The line containing "p*p*Fi/J/1 -> Add2/3" marks the start; repeat it and every following line exactly through the end of the entries.

Segment Start: EXTRACTED ENTRIES

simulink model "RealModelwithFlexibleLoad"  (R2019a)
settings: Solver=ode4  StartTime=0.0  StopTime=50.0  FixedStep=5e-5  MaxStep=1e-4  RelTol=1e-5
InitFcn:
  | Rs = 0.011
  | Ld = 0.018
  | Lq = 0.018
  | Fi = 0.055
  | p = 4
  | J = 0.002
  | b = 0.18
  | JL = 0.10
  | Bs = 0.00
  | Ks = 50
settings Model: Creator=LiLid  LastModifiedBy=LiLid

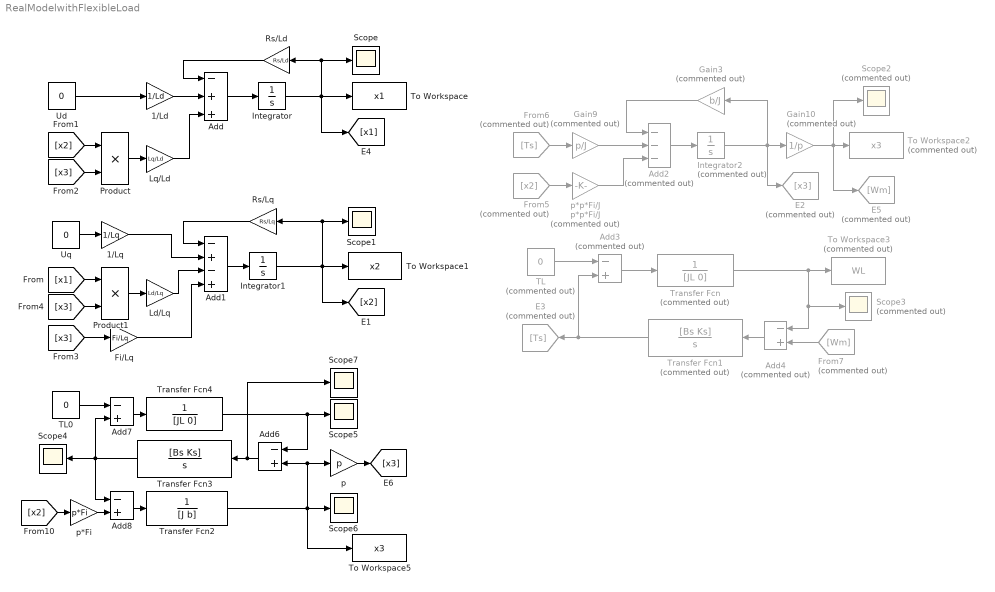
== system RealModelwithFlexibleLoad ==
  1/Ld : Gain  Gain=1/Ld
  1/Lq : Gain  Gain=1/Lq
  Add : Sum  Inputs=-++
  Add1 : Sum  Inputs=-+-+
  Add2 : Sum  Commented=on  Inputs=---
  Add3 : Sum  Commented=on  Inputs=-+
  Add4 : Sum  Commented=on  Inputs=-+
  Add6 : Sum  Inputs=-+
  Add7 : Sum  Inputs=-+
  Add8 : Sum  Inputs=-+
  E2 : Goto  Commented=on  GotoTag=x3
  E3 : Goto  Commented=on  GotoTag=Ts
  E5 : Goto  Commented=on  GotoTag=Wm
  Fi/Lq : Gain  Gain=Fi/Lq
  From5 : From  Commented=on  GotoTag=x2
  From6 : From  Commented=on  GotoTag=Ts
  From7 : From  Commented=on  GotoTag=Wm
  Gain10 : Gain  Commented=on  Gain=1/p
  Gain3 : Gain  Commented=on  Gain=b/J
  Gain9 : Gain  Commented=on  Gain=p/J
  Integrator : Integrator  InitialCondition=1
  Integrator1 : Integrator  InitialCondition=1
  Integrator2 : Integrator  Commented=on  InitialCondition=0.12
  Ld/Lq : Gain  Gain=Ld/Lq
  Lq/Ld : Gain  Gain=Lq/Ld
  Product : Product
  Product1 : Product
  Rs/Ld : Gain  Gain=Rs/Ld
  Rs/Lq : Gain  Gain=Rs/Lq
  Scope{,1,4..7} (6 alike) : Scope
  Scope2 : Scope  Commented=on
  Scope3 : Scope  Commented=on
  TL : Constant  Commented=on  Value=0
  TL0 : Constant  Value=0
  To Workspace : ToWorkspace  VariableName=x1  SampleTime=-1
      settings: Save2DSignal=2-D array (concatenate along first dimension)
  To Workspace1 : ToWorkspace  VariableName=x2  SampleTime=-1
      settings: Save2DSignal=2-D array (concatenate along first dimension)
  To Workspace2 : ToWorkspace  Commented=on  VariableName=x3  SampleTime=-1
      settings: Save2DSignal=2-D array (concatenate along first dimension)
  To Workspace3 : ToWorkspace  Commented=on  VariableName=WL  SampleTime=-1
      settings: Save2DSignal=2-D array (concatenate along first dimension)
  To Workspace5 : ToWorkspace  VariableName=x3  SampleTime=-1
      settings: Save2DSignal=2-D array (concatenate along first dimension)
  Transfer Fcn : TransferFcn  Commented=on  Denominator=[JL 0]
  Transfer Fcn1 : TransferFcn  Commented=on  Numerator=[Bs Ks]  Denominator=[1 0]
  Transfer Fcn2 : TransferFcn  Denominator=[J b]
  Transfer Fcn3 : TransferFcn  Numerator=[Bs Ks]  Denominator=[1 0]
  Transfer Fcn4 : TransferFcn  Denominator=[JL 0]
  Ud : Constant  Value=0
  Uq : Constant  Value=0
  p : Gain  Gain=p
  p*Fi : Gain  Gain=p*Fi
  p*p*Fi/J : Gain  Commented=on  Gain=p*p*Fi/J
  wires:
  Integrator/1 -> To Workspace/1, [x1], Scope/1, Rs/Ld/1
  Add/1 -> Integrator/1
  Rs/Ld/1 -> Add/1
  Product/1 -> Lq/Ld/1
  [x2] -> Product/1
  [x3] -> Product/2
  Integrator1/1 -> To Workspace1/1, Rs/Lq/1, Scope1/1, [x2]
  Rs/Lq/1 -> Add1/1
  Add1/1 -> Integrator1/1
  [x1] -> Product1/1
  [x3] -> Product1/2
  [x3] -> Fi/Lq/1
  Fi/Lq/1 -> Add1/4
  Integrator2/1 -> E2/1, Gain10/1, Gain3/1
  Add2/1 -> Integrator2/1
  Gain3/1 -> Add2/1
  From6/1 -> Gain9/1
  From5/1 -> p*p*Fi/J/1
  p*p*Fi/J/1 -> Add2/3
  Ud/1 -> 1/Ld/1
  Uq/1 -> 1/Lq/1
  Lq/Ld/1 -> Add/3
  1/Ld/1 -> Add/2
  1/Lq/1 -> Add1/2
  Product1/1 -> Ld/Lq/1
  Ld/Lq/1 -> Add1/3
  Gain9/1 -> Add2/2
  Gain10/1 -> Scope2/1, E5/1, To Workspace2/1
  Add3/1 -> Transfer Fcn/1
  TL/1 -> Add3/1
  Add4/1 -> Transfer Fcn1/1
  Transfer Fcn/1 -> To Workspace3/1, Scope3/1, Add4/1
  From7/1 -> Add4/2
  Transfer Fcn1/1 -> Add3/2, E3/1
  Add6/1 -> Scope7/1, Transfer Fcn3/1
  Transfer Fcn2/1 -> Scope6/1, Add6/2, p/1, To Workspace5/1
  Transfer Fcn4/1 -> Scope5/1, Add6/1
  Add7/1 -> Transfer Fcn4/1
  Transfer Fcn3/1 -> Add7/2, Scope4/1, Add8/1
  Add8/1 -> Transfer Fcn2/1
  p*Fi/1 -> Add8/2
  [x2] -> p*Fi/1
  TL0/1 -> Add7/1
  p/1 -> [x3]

Segment End: EXTRACTED ENTRIES

» **RESULT**:
  p*p*Fi/J/1 -> Add2/3
  Ud/1 -> 1/Ld/1
  Uq/1 -> 1/Lq/1
  Lq/Ld/1 -> Add/3
  1/Ld/1 -> Add/2
  1/Lq/1 -> Add1/2
  Product1/1 -> Ld/Lq/1
  Ld/Lq/1 -> Add1/3
  Gain9/1 -> Add2/2
  Gain10/1 -> Scope2/1, E5/1, To Workspace2/1
  Add3/1 -> Transfer Fcn/1
  TL/1 -> Add3/1
  Add4/1 -> Transfer Fcn1/1
  Transfer Fcn/1 -> To Workspace3/1, Scope3/1, Add4/1
  From7/1 -> Add4/2
  Transfer Fcn1/1 -> Add3/2, E3/1
  Add6/1 -> Scope7/1, Transfer Fcn3/1
  Transfer Fcn2/1 -> Scope6/1, Add6/2, p/1, To Workspace5/1
  Transfer Fcn4/1 -> Scope5/1, Add6/1
  Add7/1 -> Transfer Fcn4/1
  Transfer Fcn3/1 -> Add7/2, Scope4/1, Add8/1
  Add8/1 -> Transfer Fcn2/1
  p*Fi/1 -> Add8/2
  [x2] -> p*Fi/1
  TL0/1 -> Add7/1
  p/1 -> [x3]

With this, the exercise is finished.